My question to you guys is: with all the tricks (LRR tires, lowering, AC system, regen), what is the lowest possible WH/mile one can reasonably get from this type of a car?

V


----------



## piotrsko (Dec 9, 2007)

valerun said:


> My question to you guys is: with all the tricks (LRR tires, lowering, AC system, regen), what is the lowest possible WH/mile one can reasonably get from this type of a car?
> 
> V



At what speed?


----------



## EVfun (Mar 14, 2010)

valerun said:


> so the client calls up and [basically] says: "I want you guys to build a Tesla out of my BMW Z 3".


So I'd tell him to basically go out and buy a Tesla -- it would be cheaper.
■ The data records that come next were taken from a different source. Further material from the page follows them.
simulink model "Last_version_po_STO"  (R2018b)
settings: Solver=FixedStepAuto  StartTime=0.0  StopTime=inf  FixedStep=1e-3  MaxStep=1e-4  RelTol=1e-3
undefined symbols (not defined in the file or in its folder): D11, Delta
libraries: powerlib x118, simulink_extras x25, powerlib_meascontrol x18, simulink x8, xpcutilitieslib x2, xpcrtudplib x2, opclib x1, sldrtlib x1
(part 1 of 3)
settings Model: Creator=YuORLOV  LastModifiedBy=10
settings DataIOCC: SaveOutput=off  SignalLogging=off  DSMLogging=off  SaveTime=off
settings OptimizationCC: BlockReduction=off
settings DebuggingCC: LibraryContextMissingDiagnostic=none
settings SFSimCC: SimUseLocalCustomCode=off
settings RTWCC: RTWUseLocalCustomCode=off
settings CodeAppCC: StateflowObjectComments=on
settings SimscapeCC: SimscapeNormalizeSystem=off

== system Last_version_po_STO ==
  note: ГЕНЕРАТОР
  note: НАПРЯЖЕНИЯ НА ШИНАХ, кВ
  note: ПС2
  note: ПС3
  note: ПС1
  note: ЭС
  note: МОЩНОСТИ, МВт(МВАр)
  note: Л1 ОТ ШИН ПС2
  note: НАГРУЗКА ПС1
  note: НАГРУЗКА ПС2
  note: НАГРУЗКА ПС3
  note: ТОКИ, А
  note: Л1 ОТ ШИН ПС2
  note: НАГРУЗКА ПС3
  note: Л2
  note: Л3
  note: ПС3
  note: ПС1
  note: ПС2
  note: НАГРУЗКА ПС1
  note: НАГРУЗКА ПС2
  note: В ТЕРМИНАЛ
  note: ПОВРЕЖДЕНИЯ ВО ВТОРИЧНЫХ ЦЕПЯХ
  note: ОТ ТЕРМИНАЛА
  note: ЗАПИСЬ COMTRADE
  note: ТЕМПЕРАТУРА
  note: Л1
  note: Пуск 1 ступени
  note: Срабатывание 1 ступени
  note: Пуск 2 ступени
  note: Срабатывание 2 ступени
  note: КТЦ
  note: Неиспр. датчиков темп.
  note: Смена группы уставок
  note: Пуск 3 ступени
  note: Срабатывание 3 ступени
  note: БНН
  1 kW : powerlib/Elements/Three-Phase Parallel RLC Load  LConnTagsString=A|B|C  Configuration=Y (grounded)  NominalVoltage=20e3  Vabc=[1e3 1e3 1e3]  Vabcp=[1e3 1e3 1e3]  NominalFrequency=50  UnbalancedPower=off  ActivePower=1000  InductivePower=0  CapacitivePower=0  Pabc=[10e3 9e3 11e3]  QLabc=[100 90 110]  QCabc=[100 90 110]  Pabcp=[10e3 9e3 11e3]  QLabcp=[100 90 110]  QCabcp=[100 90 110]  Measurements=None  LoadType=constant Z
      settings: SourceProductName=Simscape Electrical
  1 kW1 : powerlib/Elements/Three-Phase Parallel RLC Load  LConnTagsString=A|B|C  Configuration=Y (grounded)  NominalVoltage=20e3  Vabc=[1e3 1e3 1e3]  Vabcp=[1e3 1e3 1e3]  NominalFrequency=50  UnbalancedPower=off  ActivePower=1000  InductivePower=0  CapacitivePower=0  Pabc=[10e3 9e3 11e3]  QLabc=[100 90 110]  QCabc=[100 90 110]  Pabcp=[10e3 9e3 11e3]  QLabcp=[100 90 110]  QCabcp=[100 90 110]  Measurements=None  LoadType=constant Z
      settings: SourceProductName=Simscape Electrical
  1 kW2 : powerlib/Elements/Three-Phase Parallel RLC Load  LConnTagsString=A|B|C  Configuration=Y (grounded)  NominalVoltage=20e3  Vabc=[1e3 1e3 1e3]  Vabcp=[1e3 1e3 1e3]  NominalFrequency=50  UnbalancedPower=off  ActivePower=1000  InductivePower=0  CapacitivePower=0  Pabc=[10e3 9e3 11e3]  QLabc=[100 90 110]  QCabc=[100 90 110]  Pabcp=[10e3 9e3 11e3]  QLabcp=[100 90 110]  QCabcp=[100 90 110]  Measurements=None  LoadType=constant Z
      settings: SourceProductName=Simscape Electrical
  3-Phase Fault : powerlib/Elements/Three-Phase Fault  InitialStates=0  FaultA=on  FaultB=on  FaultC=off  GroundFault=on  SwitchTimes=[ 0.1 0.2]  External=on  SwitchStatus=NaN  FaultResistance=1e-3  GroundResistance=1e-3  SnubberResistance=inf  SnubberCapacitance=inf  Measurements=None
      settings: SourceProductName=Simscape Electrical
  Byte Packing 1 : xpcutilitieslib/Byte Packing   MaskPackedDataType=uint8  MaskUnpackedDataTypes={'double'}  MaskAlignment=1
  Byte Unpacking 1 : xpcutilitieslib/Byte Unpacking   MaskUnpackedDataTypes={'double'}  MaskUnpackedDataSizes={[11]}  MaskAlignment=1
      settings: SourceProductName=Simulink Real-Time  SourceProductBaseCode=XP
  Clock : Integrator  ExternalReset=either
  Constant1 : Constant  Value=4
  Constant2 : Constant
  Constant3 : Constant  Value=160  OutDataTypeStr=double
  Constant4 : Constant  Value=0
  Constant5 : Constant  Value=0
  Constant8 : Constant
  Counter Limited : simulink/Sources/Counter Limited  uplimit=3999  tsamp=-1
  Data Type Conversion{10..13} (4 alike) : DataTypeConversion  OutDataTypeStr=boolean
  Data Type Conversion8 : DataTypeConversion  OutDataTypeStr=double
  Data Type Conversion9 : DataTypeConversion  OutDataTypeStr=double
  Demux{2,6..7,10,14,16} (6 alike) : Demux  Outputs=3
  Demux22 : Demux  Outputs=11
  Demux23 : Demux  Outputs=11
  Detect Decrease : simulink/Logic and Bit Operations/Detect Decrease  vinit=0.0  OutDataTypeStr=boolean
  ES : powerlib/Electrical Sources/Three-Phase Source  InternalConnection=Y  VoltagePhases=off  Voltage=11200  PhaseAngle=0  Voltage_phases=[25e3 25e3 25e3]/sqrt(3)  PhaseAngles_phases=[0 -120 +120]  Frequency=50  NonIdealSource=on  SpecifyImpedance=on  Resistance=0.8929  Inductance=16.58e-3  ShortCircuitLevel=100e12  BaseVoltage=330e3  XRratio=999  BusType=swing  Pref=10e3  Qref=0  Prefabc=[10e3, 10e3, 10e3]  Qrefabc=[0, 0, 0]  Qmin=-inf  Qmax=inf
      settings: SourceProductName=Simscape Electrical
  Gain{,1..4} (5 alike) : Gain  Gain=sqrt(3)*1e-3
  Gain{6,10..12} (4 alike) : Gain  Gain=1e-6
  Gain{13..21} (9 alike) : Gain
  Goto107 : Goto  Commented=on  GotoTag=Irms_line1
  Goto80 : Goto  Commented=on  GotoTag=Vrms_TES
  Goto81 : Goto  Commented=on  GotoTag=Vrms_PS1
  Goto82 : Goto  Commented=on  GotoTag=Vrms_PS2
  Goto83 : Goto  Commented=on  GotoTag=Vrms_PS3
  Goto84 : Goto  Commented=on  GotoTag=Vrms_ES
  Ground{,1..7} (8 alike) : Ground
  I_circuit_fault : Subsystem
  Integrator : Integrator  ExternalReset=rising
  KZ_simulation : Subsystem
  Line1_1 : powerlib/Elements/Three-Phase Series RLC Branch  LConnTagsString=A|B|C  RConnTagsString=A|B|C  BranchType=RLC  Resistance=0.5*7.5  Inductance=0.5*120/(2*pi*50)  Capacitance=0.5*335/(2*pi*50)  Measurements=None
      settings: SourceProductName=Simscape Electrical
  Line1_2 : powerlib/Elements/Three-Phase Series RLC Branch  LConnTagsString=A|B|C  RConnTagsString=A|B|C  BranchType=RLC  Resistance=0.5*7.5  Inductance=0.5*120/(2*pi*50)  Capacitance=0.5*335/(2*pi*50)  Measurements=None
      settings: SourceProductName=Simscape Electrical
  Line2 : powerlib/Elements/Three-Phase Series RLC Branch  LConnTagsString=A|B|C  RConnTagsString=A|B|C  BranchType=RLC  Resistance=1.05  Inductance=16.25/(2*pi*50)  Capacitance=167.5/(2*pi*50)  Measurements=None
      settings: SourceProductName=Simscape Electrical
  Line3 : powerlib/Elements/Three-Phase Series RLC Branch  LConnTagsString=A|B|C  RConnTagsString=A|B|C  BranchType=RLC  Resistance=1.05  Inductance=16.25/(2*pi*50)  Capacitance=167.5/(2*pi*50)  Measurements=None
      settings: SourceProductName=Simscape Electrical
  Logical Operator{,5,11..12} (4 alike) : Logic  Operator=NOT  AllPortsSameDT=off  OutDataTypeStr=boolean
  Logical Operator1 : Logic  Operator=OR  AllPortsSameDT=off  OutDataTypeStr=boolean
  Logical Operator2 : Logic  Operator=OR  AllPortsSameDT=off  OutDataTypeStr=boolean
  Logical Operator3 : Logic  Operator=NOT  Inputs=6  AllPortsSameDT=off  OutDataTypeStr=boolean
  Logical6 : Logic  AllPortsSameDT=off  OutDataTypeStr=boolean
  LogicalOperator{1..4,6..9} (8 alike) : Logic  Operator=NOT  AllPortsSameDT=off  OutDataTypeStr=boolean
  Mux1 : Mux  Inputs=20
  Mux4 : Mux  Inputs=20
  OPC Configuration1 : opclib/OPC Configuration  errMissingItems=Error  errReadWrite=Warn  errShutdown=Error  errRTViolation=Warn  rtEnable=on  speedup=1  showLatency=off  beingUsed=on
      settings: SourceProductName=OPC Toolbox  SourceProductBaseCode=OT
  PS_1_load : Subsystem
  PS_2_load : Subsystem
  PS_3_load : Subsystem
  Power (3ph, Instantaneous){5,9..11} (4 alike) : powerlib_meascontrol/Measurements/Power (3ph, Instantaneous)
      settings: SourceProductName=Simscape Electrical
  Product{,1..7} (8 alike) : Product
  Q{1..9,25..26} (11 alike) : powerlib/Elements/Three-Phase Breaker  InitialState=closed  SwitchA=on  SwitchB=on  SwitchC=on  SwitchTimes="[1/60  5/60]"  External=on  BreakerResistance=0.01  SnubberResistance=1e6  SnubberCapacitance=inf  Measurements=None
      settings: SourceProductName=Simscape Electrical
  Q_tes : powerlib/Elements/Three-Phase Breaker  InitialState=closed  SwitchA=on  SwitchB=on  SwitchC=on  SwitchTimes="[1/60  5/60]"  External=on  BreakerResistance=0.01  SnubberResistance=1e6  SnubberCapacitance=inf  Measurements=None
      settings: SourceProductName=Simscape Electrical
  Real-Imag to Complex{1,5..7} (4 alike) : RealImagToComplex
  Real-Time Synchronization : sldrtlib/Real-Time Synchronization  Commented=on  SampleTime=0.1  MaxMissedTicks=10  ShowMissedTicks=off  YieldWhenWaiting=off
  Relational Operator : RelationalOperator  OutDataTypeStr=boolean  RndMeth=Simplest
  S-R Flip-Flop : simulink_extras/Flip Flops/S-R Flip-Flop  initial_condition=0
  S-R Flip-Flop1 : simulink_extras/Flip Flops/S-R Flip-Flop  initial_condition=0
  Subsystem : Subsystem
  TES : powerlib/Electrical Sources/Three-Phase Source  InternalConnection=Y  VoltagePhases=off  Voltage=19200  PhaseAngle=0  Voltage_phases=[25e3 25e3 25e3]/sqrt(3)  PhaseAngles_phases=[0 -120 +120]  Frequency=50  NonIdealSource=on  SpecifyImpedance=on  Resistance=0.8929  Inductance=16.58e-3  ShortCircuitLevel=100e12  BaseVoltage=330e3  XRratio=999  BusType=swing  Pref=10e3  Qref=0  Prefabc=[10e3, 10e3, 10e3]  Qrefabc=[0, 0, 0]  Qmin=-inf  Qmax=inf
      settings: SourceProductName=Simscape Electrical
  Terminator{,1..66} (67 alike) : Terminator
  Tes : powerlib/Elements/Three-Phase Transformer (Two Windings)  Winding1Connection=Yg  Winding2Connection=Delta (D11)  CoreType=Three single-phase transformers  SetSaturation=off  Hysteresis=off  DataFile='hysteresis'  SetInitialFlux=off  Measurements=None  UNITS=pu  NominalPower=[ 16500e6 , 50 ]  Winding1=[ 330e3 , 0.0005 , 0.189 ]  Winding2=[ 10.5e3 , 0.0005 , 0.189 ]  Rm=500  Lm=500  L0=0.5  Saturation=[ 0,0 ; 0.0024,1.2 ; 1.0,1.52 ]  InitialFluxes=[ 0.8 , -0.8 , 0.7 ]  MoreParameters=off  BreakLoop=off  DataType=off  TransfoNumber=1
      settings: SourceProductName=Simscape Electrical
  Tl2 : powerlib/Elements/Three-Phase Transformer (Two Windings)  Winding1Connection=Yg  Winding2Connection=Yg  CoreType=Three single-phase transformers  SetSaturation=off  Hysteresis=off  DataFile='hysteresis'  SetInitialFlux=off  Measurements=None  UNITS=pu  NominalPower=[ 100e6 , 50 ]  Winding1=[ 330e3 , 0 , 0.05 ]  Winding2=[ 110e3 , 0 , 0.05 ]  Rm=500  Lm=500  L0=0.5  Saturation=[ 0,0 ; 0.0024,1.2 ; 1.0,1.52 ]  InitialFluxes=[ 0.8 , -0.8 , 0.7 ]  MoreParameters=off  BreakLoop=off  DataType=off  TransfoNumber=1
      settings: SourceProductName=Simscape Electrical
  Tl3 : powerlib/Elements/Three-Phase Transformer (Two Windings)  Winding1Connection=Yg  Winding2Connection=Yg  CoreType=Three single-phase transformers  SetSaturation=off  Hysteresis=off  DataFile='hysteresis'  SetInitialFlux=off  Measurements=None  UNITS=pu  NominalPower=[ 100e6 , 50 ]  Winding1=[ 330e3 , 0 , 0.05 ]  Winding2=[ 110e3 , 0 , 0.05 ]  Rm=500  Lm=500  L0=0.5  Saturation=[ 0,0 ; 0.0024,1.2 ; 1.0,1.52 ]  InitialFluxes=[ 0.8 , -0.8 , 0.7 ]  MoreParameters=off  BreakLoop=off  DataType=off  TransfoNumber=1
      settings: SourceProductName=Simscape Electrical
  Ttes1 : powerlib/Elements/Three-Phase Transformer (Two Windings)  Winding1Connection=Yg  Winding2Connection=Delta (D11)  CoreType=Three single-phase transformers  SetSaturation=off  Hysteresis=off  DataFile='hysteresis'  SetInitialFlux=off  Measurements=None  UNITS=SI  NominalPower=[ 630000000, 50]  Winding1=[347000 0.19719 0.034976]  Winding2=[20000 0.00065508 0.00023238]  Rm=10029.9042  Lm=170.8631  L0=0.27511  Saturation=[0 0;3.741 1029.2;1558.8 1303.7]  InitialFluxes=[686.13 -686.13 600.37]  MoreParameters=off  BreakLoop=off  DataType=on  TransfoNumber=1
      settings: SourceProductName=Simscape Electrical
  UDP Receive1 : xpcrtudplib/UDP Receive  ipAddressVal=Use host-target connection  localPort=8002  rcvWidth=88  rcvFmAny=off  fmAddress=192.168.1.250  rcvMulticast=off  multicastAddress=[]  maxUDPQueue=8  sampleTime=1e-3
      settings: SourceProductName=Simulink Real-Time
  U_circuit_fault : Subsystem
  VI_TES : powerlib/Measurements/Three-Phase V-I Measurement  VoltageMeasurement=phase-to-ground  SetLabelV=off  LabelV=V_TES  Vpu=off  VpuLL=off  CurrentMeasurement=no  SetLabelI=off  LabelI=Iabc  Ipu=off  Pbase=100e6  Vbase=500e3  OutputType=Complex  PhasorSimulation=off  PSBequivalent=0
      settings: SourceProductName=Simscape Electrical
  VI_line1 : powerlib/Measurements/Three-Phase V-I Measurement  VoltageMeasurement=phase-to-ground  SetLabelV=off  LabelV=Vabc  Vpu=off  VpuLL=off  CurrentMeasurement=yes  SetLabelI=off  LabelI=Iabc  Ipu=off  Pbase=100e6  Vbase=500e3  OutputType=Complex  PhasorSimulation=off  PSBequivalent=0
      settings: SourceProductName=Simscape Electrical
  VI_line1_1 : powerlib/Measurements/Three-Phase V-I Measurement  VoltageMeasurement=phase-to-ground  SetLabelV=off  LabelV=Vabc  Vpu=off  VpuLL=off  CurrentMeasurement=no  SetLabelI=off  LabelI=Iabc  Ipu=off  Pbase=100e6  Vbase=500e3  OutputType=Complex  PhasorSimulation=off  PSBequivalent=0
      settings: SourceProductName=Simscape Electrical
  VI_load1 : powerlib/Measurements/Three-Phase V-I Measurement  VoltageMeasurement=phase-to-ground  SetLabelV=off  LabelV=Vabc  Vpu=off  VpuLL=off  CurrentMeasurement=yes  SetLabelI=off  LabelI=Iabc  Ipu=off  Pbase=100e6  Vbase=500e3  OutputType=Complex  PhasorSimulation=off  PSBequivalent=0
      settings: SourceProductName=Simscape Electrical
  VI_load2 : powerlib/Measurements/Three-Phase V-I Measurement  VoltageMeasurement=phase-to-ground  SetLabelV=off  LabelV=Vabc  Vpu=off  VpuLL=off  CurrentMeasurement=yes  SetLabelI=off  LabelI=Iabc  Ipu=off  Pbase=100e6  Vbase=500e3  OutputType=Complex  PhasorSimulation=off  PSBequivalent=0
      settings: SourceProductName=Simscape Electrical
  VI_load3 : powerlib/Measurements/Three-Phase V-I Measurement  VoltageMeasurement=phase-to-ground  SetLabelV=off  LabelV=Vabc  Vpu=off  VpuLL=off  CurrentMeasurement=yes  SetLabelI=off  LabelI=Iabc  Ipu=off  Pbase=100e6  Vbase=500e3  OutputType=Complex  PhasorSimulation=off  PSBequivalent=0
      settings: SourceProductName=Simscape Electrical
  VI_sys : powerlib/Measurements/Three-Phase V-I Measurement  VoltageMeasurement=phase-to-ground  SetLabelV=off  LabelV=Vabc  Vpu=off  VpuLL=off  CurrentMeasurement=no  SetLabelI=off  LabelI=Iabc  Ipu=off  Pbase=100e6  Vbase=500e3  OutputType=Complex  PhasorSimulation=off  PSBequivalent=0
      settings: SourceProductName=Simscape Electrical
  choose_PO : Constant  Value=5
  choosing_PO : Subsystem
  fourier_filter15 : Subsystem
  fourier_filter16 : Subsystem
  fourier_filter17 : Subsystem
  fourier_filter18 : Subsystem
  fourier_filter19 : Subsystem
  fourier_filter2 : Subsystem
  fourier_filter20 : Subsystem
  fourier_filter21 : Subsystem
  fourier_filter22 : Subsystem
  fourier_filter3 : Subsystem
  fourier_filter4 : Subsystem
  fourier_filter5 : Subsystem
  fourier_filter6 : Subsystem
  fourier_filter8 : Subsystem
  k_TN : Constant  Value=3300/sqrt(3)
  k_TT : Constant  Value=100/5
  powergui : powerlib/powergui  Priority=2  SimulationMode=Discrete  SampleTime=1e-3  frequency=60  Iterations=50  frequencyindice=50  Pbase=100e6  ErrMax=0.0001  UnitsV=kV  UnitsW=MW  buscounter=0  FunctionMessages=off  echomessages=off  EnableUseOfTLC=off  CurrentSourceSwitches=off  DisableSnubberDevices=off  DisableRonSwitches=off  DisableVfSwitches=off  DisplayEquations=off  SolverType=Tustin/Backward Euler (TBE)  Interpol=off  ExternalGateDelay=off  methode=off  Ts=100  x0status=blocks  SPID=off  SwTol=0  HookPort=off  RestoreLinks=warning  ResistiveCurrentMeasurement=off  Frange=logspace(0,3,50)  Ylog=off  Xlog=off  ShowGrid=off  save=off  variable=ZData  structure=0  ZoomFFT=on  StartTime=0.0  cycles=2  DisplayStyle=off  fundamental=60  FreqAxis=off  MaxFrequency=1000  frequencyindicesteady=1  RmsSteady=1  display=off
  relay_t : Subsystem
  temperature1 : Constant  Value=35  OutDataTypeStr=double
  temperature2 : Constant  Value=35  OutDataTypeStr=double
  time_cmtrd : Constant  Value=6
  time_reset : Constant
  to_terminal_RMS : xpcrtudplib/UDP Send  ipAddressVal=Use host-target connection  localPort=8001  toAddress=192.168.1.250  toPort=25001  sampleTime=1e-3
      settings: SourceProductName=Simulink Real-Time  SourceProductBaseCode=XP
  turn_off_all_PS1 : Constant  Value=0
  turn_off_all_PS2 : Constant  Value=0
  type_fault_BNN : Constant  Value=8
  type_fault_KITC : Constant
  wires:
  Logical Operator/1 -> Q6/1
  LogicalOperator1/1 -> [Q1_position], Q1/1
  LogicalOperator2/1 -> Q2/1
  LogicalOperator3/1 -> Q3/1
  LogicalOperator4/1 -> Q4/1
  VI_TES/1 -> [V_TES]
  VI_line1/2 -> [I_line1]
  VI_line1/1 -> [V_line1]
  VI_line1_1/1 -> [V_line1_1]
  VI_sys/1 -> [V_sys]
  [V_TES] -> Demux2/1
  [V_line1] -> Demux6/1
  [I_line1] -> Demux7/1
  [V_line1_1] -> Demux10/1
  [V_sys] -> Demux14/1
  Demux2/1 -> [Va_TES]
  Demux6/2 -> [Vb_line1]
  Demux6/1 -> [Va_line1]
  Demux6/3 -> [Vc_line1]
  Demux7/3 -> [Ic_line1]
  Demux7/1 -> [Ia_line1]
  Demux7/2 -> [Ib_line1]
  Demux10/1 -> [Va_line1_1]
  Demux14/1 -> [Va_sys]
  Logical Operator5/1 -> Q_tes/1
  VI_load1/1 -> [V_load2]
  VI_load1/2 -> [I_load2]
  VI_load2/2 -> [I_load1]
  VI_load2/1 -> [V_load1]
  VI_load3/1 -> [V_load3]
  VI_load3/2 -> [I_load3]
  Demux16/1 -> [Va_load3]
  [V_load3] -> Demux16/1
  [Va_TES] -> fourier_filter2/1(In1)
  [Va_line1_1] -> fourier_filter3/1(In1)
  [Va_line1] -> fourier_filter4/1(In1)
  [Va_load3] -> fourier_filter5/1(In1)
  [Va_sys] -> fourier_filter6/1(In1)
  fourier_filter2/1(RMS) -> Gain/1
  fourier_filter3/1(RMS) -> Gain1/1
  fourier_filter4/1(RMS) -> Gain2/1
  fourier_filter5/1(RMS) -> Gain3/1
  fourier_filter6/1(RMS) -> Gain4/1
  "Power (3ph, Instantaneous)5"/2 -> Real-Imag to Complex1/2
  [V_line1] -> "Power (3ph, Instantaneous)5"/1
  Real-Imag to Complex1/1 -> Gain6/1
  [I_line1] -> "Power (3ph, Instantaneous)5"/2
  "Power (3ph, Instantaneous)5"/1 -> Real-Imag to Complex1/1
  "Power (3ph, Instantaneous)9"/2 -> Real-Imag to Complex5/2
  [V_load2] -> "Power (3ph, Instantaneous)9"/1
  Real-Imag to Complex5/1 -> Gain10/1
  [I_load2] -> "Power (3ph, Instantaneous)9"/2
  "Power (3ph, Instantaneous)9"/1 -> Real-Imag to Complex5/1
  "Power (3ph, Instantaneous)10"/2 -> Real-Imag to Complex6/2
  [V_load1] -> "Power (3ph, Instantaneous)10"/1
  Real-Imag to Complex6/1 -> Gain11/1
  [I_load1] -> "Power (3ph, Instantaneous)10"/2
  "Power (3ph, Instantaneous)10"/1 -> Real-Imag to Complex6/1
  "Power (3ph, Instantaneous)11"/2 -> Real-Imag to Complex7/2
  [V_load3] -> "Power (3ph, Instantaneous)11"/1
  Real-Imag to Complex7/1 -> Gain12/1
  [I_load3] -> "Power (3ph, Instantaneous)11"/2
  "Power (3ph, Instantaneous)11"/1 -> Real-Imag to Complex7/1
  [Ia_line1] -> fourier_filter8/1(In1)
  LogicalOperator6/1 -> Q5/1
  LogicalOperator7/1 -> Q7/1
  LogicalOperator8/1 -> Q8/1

I'f he is still up for it... well... damn near anything can be done with enough money.


----------



## valerun (Nov 12, 2010)

piotrsko said:


> At what speed?


"normal driving". I guess that means 20-30% in city, 70-80% freeway.


----------



## valerun (Nov 12, 2010)

EVfun said:


> So I'd tell him to basically go out and buy a Tesla -- it would be cheaper.


Yeah, only he has a Tesla already LOL ;-)



EVfun said:


> I'f he is still up for it... well... damn near anything can be done with enough money.


even 200 miles in a Z3? that car is small and heavier than Lotus Elise (Tesla's donor)... Even if we use the highest energy density batteries, AC, and LRRs, it still will be near-impossible... Any other tricks?


----------



## piotrsko (Dec 9, 2007)

I am guessing that you are now having to learn all about aerodynamics and fluids.

and I don't see weight an issue except for city driving with its attendant stop start issues.


----------



## drgrieve (Apr 14, 2011)

The Z3 is pretty poor for cd (.37) but has a small frontal area which helps. 

Not sure how much blocking the grill and putting in a body pan would help. You could run some aero tests with ICE using some temporary mods to see if it helps (the 60 miles to 50 miles timing test). This would also tell you your WH/mile.

Perhaps look into getting a carbon fibre hood and a hard top also.

How much heavier than stock does the client want to go - that is an important question.


----------



## tomofreno (Mar 3, 2009)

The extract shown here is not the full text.